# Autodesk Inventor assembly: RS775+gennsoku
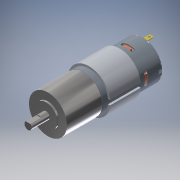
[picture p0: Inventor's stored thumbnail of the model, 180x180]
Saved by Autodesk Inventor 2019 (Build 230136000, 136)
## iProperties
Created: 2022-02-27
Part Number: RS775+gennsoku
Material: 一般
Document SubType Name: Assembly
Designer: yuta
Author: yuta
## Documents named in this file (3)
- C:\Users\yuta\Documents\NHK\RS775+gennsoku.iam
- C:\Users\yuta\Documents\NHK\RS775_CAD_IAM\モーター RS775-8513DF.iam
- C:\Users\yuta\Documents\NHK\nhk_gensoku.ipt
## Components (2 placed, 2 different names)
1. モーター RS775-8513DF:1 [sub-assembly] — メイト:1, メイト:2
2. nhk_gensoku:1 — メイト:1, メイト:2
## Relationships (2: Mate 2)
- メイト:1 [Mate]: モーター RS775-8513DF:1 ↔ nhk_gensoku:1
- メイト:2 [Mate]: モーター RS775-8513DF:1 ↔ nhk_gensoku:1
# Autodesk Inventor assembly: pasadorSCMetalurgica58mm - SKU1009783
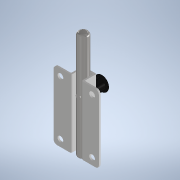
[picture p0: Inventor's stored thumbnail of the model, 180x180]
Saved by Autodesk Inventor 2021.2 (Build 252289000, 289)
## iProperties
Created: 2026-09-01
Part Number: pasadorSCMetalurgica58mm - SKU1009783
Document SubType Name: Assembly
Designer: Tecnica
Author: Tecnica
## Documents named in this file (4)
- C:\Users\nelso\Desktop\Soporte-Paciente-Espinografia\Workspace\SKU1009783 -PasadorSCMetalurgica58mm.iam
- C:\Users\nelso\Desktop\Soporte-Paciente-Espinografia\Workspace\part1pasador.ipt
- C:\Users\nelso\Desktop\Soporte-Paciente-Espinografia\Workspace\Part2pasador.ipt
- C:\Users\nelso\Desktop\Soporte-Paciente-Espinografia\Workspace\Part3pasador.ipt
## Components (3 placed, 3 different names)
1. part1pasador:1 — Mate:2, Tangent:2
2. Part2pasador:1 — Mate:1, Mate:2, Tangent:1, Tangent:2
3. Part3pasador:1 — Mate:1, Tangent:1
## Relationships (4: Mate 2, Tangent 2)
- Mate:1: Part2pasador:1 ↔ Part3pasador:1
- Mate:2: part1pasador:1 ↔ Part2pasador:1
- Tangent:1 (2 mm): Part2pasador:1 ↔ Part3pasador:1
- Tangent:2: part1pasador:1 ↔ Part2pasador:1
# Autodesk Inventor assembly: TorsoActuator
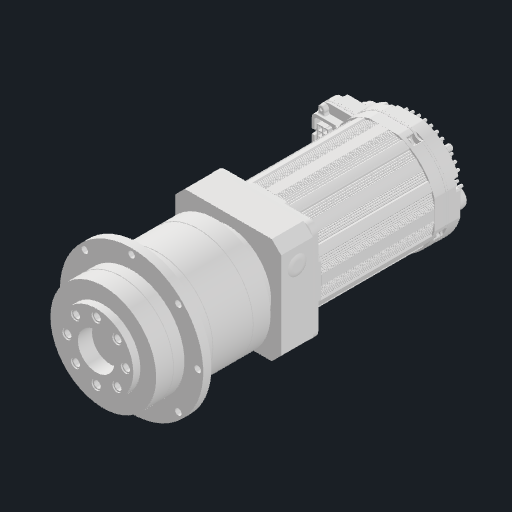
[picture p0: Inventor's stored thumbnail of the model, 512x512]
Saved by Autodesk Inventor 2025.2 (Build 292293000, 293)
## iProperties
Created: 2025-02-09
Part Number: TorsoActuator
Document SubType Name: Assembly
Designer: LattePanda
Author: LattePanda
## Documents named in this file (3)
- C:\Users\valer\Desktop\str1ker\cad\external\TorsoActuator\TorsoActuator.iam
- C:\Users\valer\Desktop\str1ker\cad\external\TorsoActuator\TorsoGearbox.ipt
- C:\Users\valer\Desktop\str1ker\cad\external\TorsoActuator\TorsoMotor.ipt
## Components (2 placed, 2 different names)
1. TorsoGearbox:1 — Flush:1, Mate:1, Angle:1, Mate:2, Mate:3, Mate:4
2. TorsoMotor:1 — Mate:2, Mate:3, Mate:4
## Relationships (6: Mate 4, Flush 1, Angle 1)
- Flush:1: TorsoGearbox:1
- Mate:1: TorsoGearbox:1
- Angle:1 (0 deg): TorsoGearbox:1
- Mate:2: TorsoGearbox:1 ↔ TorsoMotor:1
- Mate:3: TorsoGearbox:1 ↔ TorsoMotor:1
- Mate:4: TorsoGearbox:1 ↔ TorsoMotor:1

EXERCISE DESCRIPTION -> Return only the part above that opens with the line containing "# Autodesk Inventor assembly: pasadorSCMetalurgica58mm" and closes with the line containing "## Documents named in this file (4)", exactly and with both ends, skipping the pictures.

SOLUTION TO THE EXERCISE ->
# Autodesk Inventor assembly: pasadorSCMetalurgica58mm - SKU1009783
[picture p0: Inventor's stored thumbnail of the model, 180x180]
Saved by Autodesk Inventor 2021.2 (Build 252289000, 289)
## iProperties
Created: 2026-09-01
Part Number: pasadorSCMetalurgica58mm - SKU1009783
Document SubType Name: Assembly
Designer: Tecnica
Author: Tecnica
## Documents named in this file (4)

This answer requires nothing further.